*Task brief*. Write out every line exactly, from the start of the records below to the line with "line L7 (-170, 0) -> (-163.5, 0)", and stop there. Don't write out the pictures.

*Data shown*.
○ ○ ○ ○ ○ ○ ○

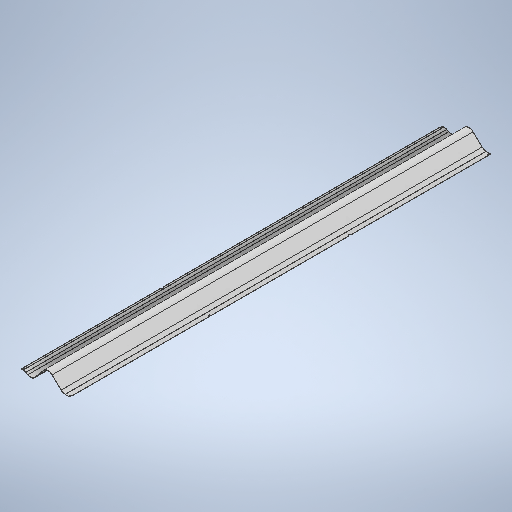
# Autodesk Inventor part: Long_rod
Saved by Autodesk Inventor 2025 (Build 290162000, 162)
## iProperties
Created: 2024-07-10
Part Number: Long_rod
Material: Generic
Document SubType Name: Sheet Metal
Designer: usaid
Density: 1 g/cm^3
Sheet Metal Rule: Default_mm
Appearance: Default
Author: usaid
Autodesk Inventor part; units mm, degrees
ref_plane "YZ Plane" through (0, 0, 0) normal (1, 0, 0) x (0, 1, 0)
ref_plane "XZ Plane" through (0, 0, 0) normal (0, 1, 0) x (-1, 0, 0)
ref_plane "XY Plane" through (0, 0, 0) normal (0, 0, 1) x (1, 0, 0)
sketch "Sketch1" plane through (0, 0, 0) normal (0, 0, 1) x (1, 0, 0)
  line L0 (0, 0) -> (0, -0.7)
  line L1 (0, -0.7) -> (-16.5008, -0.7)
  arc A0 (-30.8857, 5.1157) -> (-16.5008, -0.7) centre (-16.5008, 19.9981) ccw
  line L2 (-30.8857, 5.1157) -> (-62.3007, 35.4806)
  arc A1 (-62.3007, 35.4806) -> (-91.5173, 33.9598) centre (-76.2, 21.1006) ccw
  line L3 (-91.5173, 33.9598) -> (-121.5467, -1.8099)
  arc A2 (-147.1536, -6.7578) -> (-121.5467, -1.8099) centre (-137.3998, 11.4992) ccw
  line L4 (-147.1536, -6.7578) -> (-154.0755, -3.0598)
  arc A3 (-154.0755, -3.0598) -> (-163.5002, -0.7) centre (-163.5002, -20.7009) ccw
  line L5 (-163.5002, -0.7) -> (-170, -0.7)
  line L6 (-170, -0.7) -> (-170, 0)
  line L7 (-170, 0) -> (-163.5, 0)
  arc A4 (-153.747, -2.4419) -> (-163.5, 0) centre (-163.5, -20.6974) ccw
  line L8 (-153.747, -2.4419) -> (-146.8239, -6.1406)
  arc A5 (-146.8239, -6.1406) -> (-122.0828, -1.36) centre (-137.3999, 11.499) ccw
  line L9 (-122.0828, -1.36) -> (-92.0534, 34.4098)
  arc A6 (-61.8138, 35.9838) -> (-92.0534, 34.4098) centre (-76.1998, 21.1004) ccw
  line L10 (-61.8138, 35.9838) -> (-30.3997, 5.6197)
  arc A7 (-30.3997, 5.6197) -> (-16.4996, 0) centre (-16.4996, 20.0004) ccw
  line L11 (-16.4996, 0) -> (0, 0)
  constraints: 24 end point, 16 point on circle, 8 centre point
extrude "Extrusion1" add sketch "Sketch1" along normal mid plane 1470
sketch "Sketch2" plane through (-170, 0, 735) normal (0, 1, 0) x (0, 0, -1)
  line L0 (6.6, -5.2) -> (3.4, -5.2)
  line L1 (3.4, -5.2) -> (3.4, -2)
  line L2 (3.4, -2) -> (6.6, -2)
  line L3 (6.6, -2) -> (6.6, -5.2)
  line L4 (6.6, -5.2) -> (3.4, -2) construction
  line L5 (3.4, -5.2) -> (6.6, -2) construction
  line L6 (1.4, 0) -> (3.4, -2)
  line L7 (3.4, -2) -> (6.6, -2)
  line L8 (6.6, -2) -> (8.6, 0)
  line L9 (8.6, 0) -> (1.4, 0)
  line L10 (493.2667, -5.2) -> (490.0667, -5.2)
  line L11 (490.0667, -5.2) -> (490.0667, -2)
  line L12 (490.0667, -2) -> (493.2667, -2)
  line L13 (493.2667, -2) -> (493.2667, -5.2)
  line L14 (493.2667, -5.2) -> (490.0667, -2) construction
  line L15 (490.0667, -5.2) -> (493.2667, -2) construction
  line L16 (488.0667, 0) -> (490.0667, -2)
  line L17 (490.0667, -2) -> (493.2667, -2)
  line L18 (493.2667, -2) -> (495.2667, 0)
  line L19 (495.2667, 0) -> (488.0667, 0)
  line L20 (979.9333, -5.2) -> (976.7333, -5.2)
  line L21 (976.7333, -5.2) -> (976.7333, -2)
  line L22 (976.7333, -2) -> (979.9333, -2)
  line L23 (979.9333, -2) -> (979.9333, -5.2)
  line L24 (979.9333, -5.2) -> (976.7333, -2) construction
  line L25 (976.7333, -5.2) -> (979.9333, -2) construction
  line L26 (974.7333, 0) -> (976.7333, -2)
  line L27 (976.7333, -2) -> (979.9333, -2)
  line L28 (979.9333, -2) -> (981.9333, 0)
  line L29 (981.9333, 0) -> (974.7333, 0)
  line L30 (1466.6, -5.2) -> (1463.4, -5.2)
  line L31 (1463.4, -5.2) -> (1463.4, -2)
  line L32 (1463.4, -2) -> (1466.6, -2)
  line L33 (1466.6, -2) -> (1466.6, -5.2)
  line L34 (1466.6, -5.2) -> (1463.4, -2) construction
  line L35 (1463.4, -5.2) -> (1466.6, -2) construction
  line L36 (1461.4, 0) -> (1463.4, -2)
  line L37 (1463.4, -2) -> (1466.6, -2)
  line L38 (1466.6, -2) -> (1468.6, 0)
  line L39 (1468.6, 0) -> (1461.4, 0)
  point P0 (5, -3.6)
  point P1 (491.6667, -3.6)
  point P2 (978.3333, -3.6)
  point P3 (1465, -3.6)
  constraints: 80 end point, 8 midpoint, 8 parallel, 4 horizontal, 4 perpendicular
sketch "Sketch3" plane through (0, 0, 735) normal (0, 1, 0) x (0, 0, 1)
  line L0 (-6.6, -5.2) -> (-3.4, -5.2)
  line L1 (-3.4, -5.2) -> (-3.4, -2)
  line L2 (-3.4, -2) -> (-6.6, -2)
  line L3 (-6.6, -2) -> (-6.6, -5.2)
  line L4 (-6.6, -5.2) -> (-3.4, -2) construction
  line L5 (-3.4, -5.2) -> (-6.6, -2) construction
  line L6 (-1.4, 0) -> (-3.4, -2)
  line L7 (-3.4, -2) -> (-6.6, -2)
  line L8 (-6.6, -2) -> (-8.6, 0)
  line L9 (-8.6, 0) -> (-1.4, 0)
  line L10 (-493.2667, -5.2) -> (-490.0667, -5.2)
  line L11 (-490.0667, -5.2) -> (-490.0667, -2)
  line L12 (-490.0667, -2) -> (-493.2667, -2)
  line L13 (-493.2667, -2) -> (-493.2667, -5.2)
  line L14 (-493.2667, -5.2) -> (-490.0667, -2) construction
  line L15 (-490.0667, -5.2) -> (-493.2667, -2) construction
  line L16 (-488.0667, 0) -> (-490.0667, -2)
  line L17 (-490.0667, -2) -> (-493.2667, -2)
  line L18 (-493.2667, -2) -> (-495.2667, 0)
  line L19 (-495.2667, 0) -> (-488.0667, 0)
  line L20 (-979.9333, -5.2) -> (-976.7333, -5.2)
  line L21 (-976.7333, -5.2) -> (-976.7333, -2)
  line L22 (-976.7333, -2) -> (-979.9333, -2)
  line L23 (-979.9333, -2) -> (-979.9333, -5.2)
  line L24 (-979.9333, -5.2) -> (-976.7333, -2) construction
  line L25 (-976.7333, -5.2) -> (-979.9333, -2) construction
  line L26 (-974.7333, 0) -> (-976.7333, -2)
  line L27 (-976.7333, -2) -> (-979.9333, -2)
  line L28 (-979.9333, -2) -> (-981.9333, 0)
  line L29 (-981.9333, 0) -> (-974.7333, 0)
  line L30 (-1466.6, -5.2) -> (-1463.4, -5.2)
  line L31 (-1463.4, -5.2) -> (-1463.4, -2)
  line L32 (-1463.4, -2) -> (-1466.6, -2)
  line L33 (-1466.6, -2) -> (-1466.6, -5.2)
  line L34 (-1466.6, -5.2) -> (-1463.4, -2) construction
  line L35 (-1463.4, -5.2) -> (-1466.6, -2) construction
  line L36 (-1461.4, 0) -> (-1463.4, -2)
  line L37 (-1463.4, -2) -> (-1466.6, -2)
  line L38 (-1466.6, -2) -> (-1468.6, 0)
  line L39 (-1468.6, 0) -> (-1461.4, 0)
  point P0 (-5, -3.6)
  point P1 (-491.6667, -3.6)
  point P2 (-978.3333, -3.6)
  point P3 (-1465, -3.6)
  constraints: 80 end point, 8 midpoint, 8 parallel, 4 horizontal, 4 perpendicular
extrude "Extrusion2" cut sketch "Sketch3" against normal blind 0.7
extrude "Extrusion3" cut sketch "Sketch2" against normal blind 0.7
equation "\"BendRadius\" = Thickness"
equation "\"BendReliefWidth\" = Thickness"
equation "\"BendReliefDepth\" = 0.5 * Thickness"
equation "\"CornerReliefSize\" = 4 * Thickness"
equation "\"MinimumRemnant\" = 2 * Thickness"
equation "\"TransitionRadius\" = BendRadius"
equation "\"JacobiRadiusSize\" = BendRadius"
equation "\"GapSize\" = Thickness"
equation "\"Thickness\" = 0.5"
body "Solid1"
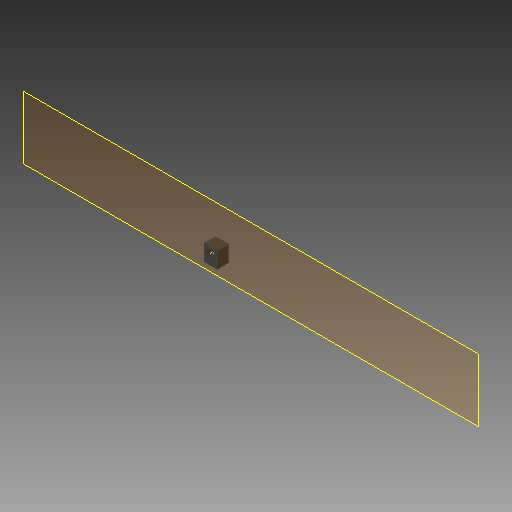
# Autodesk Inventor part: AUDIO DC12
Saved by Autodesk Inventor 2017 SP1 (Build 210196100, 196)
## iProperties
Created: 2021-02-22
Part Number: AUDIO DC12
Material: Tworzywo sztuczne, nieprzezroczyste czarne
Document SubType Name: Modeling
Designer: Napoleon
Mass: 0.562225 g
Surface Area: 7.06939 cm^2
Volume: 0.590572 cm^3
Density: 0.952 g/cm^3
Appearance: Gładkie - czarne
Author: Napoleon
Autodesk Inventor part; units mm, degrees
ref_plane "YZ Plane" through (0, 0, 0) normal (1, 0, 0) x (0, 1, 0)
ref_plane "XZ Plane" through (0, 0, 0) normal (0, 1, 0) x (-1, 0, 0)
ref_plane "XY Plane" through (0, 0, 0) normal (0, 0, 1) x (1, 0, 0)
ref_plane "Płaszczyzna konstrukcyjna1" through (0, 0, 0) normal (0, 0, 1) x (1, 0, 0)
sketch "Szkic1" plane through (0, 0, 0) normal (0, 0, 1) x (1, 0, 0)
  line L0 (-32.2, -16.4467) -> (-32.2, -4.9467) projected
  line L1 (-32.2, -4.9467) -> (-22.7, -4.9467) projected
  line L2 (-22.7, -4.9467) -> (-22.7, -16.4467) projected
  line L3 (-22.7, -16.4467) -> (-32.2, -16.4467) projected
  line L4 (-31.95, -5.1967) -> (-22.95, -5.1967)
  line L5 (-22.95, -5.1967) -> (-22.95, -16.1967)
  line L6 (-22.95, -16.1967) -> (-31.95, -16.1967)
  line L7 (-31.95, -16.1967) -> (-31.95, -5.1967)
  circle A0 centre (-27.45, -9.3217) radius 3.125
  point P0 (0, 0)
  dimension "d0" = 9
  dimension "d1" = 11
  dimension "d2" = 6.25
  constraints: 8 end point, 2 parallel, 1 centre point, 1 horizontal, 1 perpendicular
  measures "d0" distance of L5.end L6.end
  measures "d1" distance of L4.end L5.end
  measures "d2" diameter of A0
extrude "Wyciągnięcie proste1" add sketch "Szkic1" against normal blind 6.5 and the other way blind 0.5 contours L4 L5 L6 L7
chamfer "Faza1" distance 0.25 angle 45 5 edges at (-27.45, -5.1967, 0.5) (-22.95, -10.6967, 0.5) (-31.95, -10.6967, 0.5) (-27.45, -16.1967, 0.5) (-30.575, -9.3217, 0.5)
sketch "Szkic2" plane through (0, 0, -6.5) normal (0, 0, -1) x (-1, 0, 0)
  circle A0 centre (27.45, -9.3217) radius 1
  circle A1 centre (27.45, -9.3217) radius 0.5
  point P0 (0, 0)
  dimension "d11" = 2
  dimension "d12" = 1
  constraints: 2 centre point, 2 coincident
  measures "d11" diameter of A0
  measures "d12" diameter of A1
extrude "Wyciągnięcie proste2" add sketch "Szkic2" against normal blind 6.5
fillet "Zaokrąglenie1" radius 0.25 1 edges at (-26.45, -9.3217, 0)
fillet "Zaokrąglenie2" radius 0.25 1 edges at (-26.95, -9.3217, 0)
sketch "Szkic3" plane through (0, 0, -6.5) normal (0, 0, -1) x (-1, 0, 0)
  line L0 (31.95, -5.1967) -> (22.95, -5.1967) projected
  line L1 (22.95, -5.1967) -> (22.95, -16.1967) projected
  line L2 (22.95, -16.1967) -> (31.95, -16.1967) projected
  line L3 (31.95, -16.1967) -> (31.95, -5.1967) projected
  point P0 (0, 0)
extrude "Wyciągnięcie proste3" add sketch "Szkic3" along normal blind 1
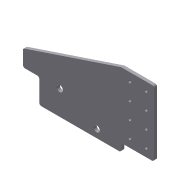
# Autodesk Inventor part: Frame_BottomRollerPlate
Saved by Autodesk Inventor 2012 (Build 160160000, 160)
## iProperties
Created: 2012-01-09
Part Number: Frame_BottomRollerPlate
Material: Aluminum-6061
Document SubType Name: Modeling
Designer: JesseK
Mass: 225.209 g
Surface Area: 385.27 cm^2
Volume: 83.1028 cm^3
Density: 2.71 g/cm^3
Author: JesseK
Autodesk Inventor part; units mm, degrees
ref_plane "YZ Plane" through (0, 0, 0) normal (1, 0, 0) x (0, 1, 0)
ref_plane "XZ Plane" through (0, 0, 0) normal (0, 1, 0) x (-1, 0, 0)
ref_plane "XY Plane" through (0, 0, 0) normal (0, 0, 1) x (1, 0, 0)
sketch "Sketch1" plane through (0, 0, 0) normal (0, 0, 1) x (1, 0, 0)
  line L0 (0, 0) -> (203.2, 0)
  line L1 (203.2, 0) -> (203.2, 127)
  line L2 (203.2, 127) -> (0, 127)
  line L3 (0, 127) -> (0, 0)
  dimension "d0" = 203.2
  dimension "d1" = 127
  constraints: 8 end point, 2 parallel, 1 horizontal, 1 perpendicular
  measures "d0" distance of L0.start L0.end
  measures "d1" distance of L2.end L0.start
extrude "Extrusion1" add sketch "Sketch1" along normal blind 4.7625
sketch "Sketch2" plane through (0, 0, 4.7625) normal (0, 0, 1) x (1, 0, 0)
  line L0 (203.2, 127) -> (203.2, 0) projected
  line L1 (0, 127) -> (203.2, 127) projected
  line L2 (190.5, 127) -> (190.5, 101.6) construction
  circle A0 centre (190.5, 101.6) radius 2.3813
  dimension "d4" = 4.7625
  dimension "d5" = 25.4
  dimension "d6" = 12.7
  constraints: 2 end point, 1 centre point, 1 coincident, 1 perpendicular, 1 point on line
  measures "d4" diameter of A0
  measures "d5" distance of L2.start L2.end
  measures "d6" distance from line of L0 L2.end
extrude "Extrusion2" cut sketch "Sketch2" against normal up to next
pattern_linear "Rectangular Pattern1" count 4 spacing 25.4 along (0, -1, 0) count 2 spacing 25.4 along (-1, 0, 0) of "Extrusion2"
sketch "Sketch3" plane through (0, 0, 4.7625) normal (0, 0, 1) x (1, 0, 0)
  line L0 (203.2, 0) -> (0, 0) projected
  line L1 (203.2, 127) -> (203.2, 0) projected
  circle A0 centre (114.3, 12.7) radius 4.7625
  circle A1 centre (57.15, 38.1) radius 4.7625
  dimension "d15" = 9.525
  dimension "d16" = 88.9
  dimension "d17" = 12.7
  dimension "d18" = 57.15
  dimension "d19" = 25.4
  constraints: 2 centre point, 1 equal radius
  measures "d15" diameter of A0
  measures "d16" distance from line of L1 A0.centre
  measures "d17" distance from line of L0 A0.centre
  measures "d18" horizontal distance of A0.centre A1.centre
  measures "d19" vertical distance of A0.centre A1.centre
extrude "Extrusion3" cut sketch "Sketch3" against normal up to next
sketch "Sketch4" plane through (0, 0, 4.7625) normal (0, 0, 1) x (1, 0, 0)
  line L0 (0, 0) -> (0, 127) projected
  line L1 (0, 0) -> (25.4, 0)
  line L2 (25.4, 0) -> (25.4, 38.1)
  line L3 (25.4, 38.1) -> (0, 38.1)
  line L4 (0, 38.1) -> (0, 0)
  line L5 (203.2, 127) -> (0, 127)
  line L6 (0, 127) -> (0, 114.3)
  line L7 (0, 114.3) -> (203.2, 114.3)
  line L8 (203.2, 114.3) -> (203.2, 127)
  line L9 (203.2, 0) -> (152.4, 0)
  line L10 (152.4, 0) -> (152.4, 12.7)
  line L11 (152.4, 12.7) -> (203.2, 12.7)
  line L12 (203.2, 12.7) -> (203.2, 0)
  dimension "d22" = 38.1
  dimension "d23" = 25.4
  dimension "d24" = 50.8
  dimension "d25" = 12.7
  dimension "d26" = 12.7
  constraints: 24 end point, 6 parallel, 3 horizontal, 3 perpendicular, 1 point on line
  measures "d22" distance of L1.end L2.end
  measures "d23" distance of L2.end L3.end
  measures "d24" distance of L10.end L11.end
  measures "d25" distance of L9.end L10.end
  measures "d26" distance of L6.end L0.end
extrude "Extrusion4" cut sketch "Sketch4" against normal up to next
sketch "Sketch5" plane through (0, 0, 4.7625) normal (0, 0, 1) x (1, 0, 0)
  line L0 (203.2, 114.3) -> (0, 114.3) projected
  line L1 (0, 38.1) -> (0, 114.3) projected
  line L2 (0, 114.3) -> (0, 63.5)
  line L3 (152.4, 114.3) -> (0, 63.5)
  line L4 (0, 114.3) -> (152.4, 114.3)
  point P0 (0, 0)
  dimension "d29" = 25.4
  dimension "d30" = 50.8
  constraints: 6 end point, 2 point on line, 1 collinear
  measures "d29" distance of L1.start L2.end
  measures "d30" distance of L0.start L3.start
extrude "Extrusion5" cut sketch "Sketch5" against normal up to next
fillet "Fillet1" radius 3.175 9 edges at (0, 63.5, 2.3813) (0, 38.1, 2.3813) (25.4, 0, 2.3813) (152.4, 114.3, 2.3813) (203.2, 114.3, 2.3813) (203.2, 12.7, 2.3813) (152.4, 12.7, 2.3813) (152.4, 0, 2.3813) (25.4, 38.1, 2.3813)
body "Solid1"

○ ○ ○ ○ ○ ○ ○

*Response area*.
# Autodesk Inventor part: Long_rod
Saved by Autodesk Inventor 2025 (Build 290162000, 162)
## iProperties
Created: 2024-07-10
Part Number: Long_rod
Material: Generic
Document SubType Name: Sheet Metal
Designer: usaid
Density: 1 g/cm^3
Sheet Metal Rule: Default_mm
Appearance: Default
Author: usaid
Autodesk Inventor part; units mm, degrees
ref_plane "YZ Plane" through (0, 0, 0) normal (1, 0, 0) x (0, 1, 0)
ref_plane "XZ Plane" through (0, 0, 0) normal (0, 1, 0) x (-1, 0, 0)
ref_plane "XY Plane" through (0, 0, 0) normal (0, 0, 1) x (1, 0, 0)
sketch "Sketch1" plane through (0, 0, 0) normal (0, 0, 1) x (1, 0, 0)
  line L0 (0, 0) -> (0, -0.7)
  line L1 (0, -0.7) -> (-16.5008, -0.7)
  arc A0 (-30.8857, 5.1157) -> (-16.5008, -0.7) centre (-16.5008, 19.9981) ccw
  line L2 (-30.8857, 5.1157) -> (-62.3007, 35.4806)
  arc A1 (-62.3007, 35.4806) -> (-91.5173, 33.9598) centre (-76.2, 21.1006) ccw
  line L3 (-91.5173, 33.9598) -> (-121.5467, -1.8099)
  arc A2 (-147.1536, -6.7578) -> (-121.5467, -1.8099) centre (-137.3998, 11.4992) ccw
  line L4 (-147.1536, -6.7578) -> (-154.0755, -3.0598)
  arc A3 (-154.0755, -3.0598) -> (-163.5002, -0.7) centre (-163.5002, -20.7009) ccw
  line L5 (-163.5002, -0.7) -> (-170, -0.7)
  line L6 (-170, -0.7) -> (-170, 0)
  line L7 (-170, 0) -> (-163.5, 0)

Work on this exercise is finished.